Letwaba claims Joseph was “embittered” because the commission had put a stop to his funding. Joseph denies this, and says Letwaba defamed him.

In his summons, served in November 2021, Joseph has included a transcript of the interview with journalist Stephen Grootes in which Letwaba claimed that he had been targeted by Joseph for five years “just because one individual who is the major beneficiary of the NLC decided to declare war against the NLC”.

Letwaba claimed that more than 12 organisations linked to Joseph were no longer receiving lottery funds and suggested the journalist was attacking him because of that.

Joseph says neither he nor any of his family members had ever applied for or received a lottery grant, the allegations were untrue, and they were designed to inform the public that he could not be believed.

“They were understood by the reasonable audience to mean that I knowingly breached journalistic ethics, was a vengeful and malicious journalist, and had embarked on an untruthful campaign against him and the commission,” he said.

Letwaba, at the last minute, filed a notice to defend the summons, arguing that his utterances were true and in the public interest.
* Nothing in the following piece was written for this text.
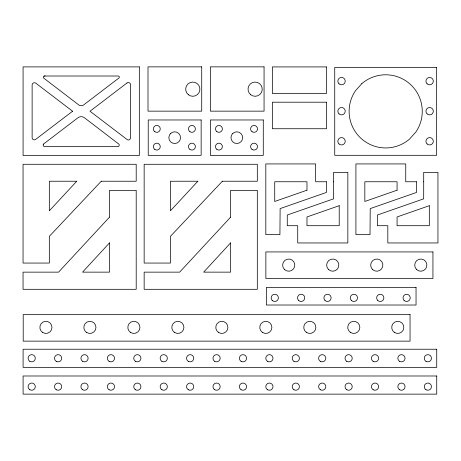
<?xml version="1.0" encoding="UTF-8"?>
<svg xmlns="http://www.w3.org/2000/svg" width="461" height="461" viewBox="0 0 461 461"><rect width="100%" height="100%" fill="white"/><g stroke="black" fill="none" stroke-linecap="round" stroke-linejoin="round"><path stroke-width="0.69" d="M44.198 76.013L118.223 76.013A1.118 1.118 0 0 1 118.903 78.018L83.262 105.206A4.904 4.904 0 0 1 79.142 105.206L43.443 77.886A1.348 1.348 0 0 1 44.054 76.082L45.08 76.013M326.451 181.755L326.44 192.427L280.121 208.603L279.919 234.643L265.813 234.643L265.813 163.932L315.641 163.932L315.641 181.755L326.451 181.755M333.603 181.755L333.591 198.841L287.266 215.016L287.266 225.706L297.72 225.706L297.72 242.959L347.848 242.959L347.848 172.374L333.603 172.374L333.603 181.755M416.548 181.755L416.542 192.427L370.218 208.603L370.016 234.643L355.915 234.643L355.915 163.932L405.743 163.932L405.743 181.755L416.548 181.755M423.705 181.755L423.688 198.841L377.369 215.016L377.369 225.706L387.822 225.706L387.822 242.959L437.95 242.959L437.95 172.374L423.705 172.374L423.705 181.755M43.392 144.132L43.282 144.362A1.873 1.873 0 0 0 44.221 146.586L118.264 146.575A1.729 1.729 0 0 0 119.047 144.264L84.426 117.751A5.319 5.319 0 0 0 77.978 117.751L43.392 144.132M170.299 133.805L169.452 135.073A5.843 5.843 0 0 0 179.087 141.51L179.934 140.242A5.843 5.843 0 0 0 170.299 133.805M232.419 133.805L231.572 135.073A5.843 5.843 0 0 0 241.207 141.51L242.054 140.242A5.843 5.843 0 0 0 232.419 133.805M361.781 83.677L355.431 90.805A36.58 36.58 0 0 0 409.593 139.049L415.943 131.921A36.58 36.58 0 0 0 361.781 83.677M109.505 242.895L82.548 272.14L109.505 272.14L109.505 242.895M230.609 242.895L203.653 272.14L230.609 272.14L230.609 242.895M76.762 181.236L49.327 210.821L49.327 181.236L76.762 181.236M109.505 217.166L58.553 272.14L23.05 272.14L23.05 289.306L136.202 289.306L136.202 190.353L109.505 190.353L109.505 217.166M197.867 181.236L170.432 210.821L170.432 181.236L197.867 181.236M230.609 217.166L179.657 272.14L144.155 272.14L144.155 289.306L257.313 289.306L257.313 190.353L230.609 190.353L230.609 217.166M101.253 181.236L49.327 236.343L49.327 263.058L23.05 263.058L23.05 164.283L136.202 164.283L136.202 181.236L101.253 181.236M222.358 181.236L170.432 236.343L170.432 263.058L144.155 263.058L144.155 164.283L257.313 164.283L257.313 181.236L222.358 181.236M72.59 111.222L35.439 139.556A2.213 2.213 0 0 1 32.126 137.92L32.126 85.003A2.299 2.299 0 0 1 35.82 83.176L72.59 111.222M127.006 82.986L89.981 111.222L127.167 139.585A2.051 2.051 0 0 0 130.428 138.329L130.428 84A2.213 2.213 0 0 0 127.006 82.986M306.974 190.203L274.727 201.463L274.727 181.755L306.974 181.755L306.974 190.203M339.215 205.698L306.974 216.958L306.974 225.706L339.215 225.706L339.215 205.698M397.071 190.203L364.83 201.463L364.83 181.755L397.071 181.755L397.071 190.203M429.318 205.698L397.071 216.958L397.071 225.706L429.318 225.706L429.318 205.698M201.722 66.862L148.004 66.862L148.004 111.147L201.722 111.147L201.722 66.862M264.061 66.862L210.343 66.862L210.343 111.147L264.061 111.147L264.061 66.862M139.326 66.891L23.079 66.891L23.079 155.553L139.326 155.553L139.326 66.891M326.515 66.92L272.342 66.92L272.342 93.462L326.515 93.462L326.515 66.92M436.63 67.415L334.738 67.415L334.738 155.305L436.63 155.305L436.63 67.415M326.515 102.198L272.342 102.198L272.342 128.74L326.515 128.74L326.515 102.198M201.152 119.969L148.229 119.969L148.229 155.345L201.152 155.345L201.152 119.969M263.277 119.969L210.354 119.969L210.354 155.345L263.277 155.345L263.277 119.969M432.937 251.931L265.864 251.931L265.864 278.49L432.937 278.49L432.937 251.931M416.041 287.405L266.354 287.405L266.354 305.021L416.041 305.021L416.041 287.405M410.048 314.575L23.2 314.575L23.2 341.14L410.048 341.14L410.048 314.575M436.734 349.236L23.09 349.236L23.09 367.382L436.734 367.382L436.734 349.236M436.734 375.992L23.09 375.992L23.09 394.138L436.734 394.138L436.734 375.992M29.821 389.724A3.602 3.602 0 0 0 35.295 386.733A3.602 3.602 0 0 0 29.971 383.489A3.602 3.602 0 0 0 29.821 389.724M56.23 389.724A3.602 3.602 0 0 0 61.711 386.733A3.602 3.602 0 0 0 56.386 383.489A3.602 3.602 0 0 0 56.23 389.724M82.646 389.724A3.602 3.602 0 0 0 88.12 386.733A3.602 3.602 0 0 0 82.796 383.489A3.602 3.602 0 0 0 82.646 389.724M109.055 389.724A3.602 3.602 0 0 0 114.53 386.733A3.602 3.602 0 0 0 109.205 383.489A3.602 3.602 0 0 0 109.055 389.724M135.465 389.724A3.602 3.602 0 0 0 140.939 386.733A3.602 3.602 0 0 0 135.615 383.489A3.602 3.602 0 0 0 135.465 389.724M161.874 389.724A3.602 3.602 0 0 0 167.349 386.733A3.602 3.602 0 0 0 162.024 383.489A3.602 3.602 0 0 0 161.874 389.724M188.284 389.724A3.602 3.602 0 0 0 193.758 386.733A3.602 3.602 0 0 0 188.434 383.489A3.602 3.602 0 0 0 188.284 389.724M214.693 389.724A3.602 3.602 0 0 0 220.168 386.733A3.602 3.602 0 0 0 214.843 383.489A3.602 3.602 0 0 0 214.693 389.724M241.103 389.724A3.602 3.602 0 0 0 246.577 386.733A3.602 3.602 0 0 0 241.259 383.489A3.602 3.602 0 0 0 241.103 389.724M267.518 389.724A3.602 3.602 0 0 0 272.993 386.733A3.602 3.602 0 0 0 267.668 383.489A3.602 3.602 0 0 0 267.518 389.724M293.928 389.724A3.602 3.602 0 0 0 299.402 386.733A3.602 3.602 0 0 0 294.078 383.489A3.602 3.602 0 0 0 293.928 389.724M320.337 389.724A3.602 3.602 0 0 0 325.812 386.733A3.602 3.602 0 0 0 320.487 383.489A3.602 3.602 0 0 0 320.337 389.724M346.747 389.724A3.602 3.602 0 0 0 352.221 386.733A3.602 3.602 0 0 0 346.897 383.489A3.602 3.602 0 0 0 346.747 389.724M373.156 389.724A3.602 3.602 0 0 0 378.631 386.733A3.602 3.602 0 0 0 373.306 383.489A3.602 3.602 0 0 0 373.156 389.724M399.566 389.724A3.602 3.602 0 0 0 405.04 386.733A3.602 3.602 0 0 0 399.716 383.489A3.602 3.602 0 0 0 399.566 389.724M425.976 389.724A3.602 3.602 0 0 0 431.45 386.733A3.602 3.602 0 0 0 426.125 383.489A3.602 3.602 0 0 0 425.976 389.724M109.055 361.326A3.602 3.602 0 0 0 114.53 358.341A3.602 3.602 0 0 0 109.205 355.091A3.602 3.602 0 0 0 109.055 361.326M82.646 361.326A3.602 3.602 0 0 0 88.12 358.341A3.602 3.602 0 0 0 82.796 355.091A3.602 3.602 0 0 0 82.646 361.326M56.23 361.326A3.602 3.602 0 0 0 61.711 358.341A3.602 3.602 0 0 0 56.386 355.091A3.602 3.602 0 0 0 56.23 361.326M29.821 361.326A3.602 3.602 0 0 0 35.295 358.341A3.602 3.602 0 0 0 29.971 355.091A3.602 3.602 0 0 0 29.821 361.326M373.156 361.326A3.602 3.602 0 0 0 378.631 358.341A3.602 3.602 0 0 0 373.306 355.091A3.602 3.602 0 0 0 373.156 361.326M135.465 361.326A3.602 3.602 0 0 0 140.939 358.341A3.602 3.602 0 0 0 135.615 355.091A3.602 3.602 0 0 0 135.465 361.326M161.874 361.326A3.602 3.602 0 0 0 167.349 358.341A3.602 3.602 0 0 0 162.024 355.091A3.602 3.602 0 0 0 161.874 361.326M188.284 361.326A3.602 3.602 0 0 0 193.758 358.341A3.602 3.602 0 0 0 188.434 355.091A3.602 3.602 0 0 0 188.284 361.326M214.693 361.326A3.602 3.602 0 0 0 220.168 358.341A3.602 3.602 0 0 0 214.843 355.091A3.602 3.602 0 0 0 214.693 361.326M241.103 361.326A3.602 3.602 0 0 0 246.577 358.341A3.602 3.602 0 0 0 241.259 355.091A3.602 3.602 0 0 0 241.103 361.326M267.518 361.326A3.602 3.602 0 0 0 272.993 358.341A3.602 3.602 0 0 0 267.668 355.091A3.602 3.602 0 0 0 267.518 361.326M293.928 361.326A3.602 3.602 0 0 0 299.402 358.341A3.602 3.602 0 0 0 294.078 355.091A3.602 3.602 0 0 0 293.928 361.326M320.337 361.326A3.602 3.602 0 0 0 325.812 358.341A3.602 3.602 0 0 0 320.487 355.091A3.602 3.602 0 0 0 320.337 361.326M346.747 361.326A3.602 3.602 0 0 0 352.221 358.341A3.602 3.602 0 0 0 346.897 355.091A3.602 3.602 0 0 0 346.747 361.326M399.566 361.326A3.602 3.602 0 0 0 405.04 358.341A3.602 3.602 0 0 0 399.716 355.091A3.602 3.602 0 0 0 399.566 361.326M425.976 361.326A3.602 3.602 0 0 0 431.45 358.341A3.602 3.602 0 0 0 426.125 355.091A3.602 3.602 0 0 0 425.976 361.326M394.633 332.56A6.056 6.056 0 0 0 403.83 327.512A6.056 6.056 0 0 0 394.864 322.066A6.056 6.056 0 0 0 394.633 332.56M272.232 300.428A3.607 3.607 0 0 0 278.265 298.78A3.607 3.607 0 0 0 273.822 294.383A3.607 3.607 0 0 0 272.232 300.428M298.607 300.428A3.607 3.607 0 0 0 304.635 298.78A3.607 3.607 0 0 0 300.192 294.383A3.607 3.607 0 0 0 298.607 300.428M324.976 300.428A3.607 3.607 0 0 0 331.01 298.78A3.607 3.607 0 0 0 326.561 294.383A3.607 3.607 0 0 0 324.976 300.428M351.345 300.428A3.607 3.607 0 0 0 357.379 298.78A3.607 3.607 0 0 0 352.93 294.383A3.607 3.607 0 0 0 351.345 300.428M377.715 300.428A3.607 3.607 0 0 0 383.748 298.78A3.607 3.607 0 0 0 379.305 294.383A3.607 3.607 0 0 0 377.715 300.428M404.09 300.428A3.607 3.607 0 0 0 410.117 298.78A3.607 3.607 0 0 0 405.674 294.383A3.607 3.607 0 0 0 404.09 300.428M284.46 269.483A6.097 6.097 0 0 0 294.631 266.637A6.097 6.097 0 0 0 287.082 259.255A6.097 6.097 0 0 0 284.46 269.483M328.486 269.483A6.097 6.097 0 0 0 338.656 266.637A6.097 6.097 0 0 0 331.107 259.255A6.097 6.097 0 0 0 328.486 269.483M372.511 269.483A6.097 6.097 0 0 0 382.682 266.637A6.097 6.097 0 0 0 375.127 259.255A6.097 6.097 0 0 0 372.511 269.483M416.537 269.483A6.097 6.097 0 0 0 426.707 266.637A6.097 6.097 0 0 0 419.153 259.255A6.097 6.097 0 0 0 416.537 269.483M339.008 83.821A3.694 3.694 0 0 0 345.139 81.983A3.694 3.694 0 0 0 340.483 77.592A3.694 3.694 0 0 0 339.008 83.821M339.008 113.884A3.694 3.694 0 0 0 345.139 112.052A3.694 3.694 0 0 0 340.483 107.661A3.694 3.694 0 0 0 339.008 113.884M339.008 143.953A3.694 3.694 0 0 0 345.139 142.115A3.694 3.694 0 0 0 340.483 137.73A3.694 3.694 0 0 0 339.008 143.953M427.093 83.821A3.694 3.694 0 0 0 433.225 81.983A3.694 3.694 0 0 0 428.569 77.592A3.694 3.694 0 0 0 427.093 83.821M427.093 113.884A3.694 3.694 0 0 0 433.225 112.052A3.694 3.694 0 0 0 428.569 107.661A3.694 3.694 0 0 0 427.093 113.884M427.093 143.953A3.694 3.694 0 0 0 433.225 142.115A3.694 3.694 0 0 0 428.569 137.73A3.694 3.694 0 0 0 427.093 143.953M188.393 94.753A7.105 7.105 0 0 0 199.826 90.195A7.105 7.105 0 0 0 190.163 82.577A7.105 7.105 0 0 0 188.393 94.753M250.738 94.753A7.105 7.105 0 0 0 262.165 90.195A7.105 7.105 0 0 0 252.501 82.577A7.105 7.105 0 0 0 250.738 94.753M189.909 131.679A3.458 3.458 0 0 0 195.372 129.23A3.458 3.458 0 0 0 190.52 125.726A3.458 3.458 0 0 0 189.909 131.679M189.909 149.416A3.458 3.458 0 0 0 195.372 146.973A3.458 3.458 0 0 0 190.52 143.463A3.458 3.458 0 0 0 189.909 149.416M154.781 131.679A3.458 3.458 0 0 0 160.244 129.23A3.458 3.458 0 0 0 155.392 125.726A3.458 3.458 0 0 0 154.781 131.679M154.781 149.416A3.458 3.458 0 0 0 160.244 146.973A3.458 3.458 0 0 0 155.392 143.463A3.458 3.458 0 0 0 154.781 149.416M216.9 131.679A3.458 3.458 0 0 0 222.363 129.23A3.458 3.458 0 0 0 217.511 125.726A3.458 3.458 0 0 0 216.9 131.679M216.9 149.416A3.458 3.458 0 0 0 222.363 146.973A3.458 3.458 0 0 0 217.511 143.463A3.458 3.458 0 0 0 216.9 149.416M252.034 131.679A3.458 3.458 0 0 0 257.492 129.23A3.458 3.458 0 0 0 252.645 125.726A3.458 3.458 0 0 0 252.034 131.679M252.034 149.416A3.458 3.458 0 0 0 257.492 146.973A3.458 3.458 0 0 0 252.645 143.463A3.458 3.458 0 0 0 252.034 149.416M42.781 332.56A6.056 6.056 0 0 0 51.978 327.512A6.056 6.056 0 0 0 43.011 322.066A6.056 6.056 0 0 0 42.781 332.56M86.76 332.56A6.056 6.056 0 0 0 95.963 327.512A6.056 6.056 0 0 0 86.991 322.066A6.056 6.056 0 0 0 86.76 332.56M130.745 332.56A6.056 6.056 0 0 0 139.942 327.512A6.056 6.056 0 0 0 130.976 322.066A6.056 6.056 0 0 0 130.745 332.56M174.725 332.56A6.056 6.056 0 0 0 183.922 327.512A6.056 6.056 0 0 0 174.955 322.066A6.056 6.056 0 0 0 174.725 332.56M218.704 332.56A6.056 6.056 0 0 0 227.907 327.512A6.056 6.056 0 0 0 218.935 322.066A6.056 6.056 0 0 0 218.704 332.56M262.689 332.56A6.056 6.056 0 0 0 271.886 327.512A6.056 6.056 0 0 0 262.92 322.066A6.056 6.056 0 0 0 262.689 332.56M306.669 332.56A6.056 6.056 0 0 0 315.871 327.512A6.056 6.056 0 0 0 306.899 322.066A6.056 6.056 0 0 0 306.669 332.56M350.654 332.56A6.056 6.056 0 0 0 359.851 327.512A6.056 6.056 0 0 0 350.884 322.066A6.056 6.056 0 0 0 350.654 332.56"/></g></svg>

He then missed deadlines to file further papers and documents disclosing the basis of his defence.

Joseph, in an affidavit which came before Judge Lekuleni, accuses Letwaba of using “every possible measure to delay the litigation” and of being “extremely reluctant” to answer his claims.

He said while the matter dragged on, his livelihood was at stake because it was dependent on his reputation as an honest and unbiased journalist.

“Being a veteran journalist, I have always regarded myself as tough and willing to take some abuse. However, the brazen accusations of dishonesty caused me extreme embarrassment and hurt,” Joseph said.

Letwaba is also suing GroundUp’s editor and Joseph for defamation. He issued summons in 2019, but the case appears to be at a standstill.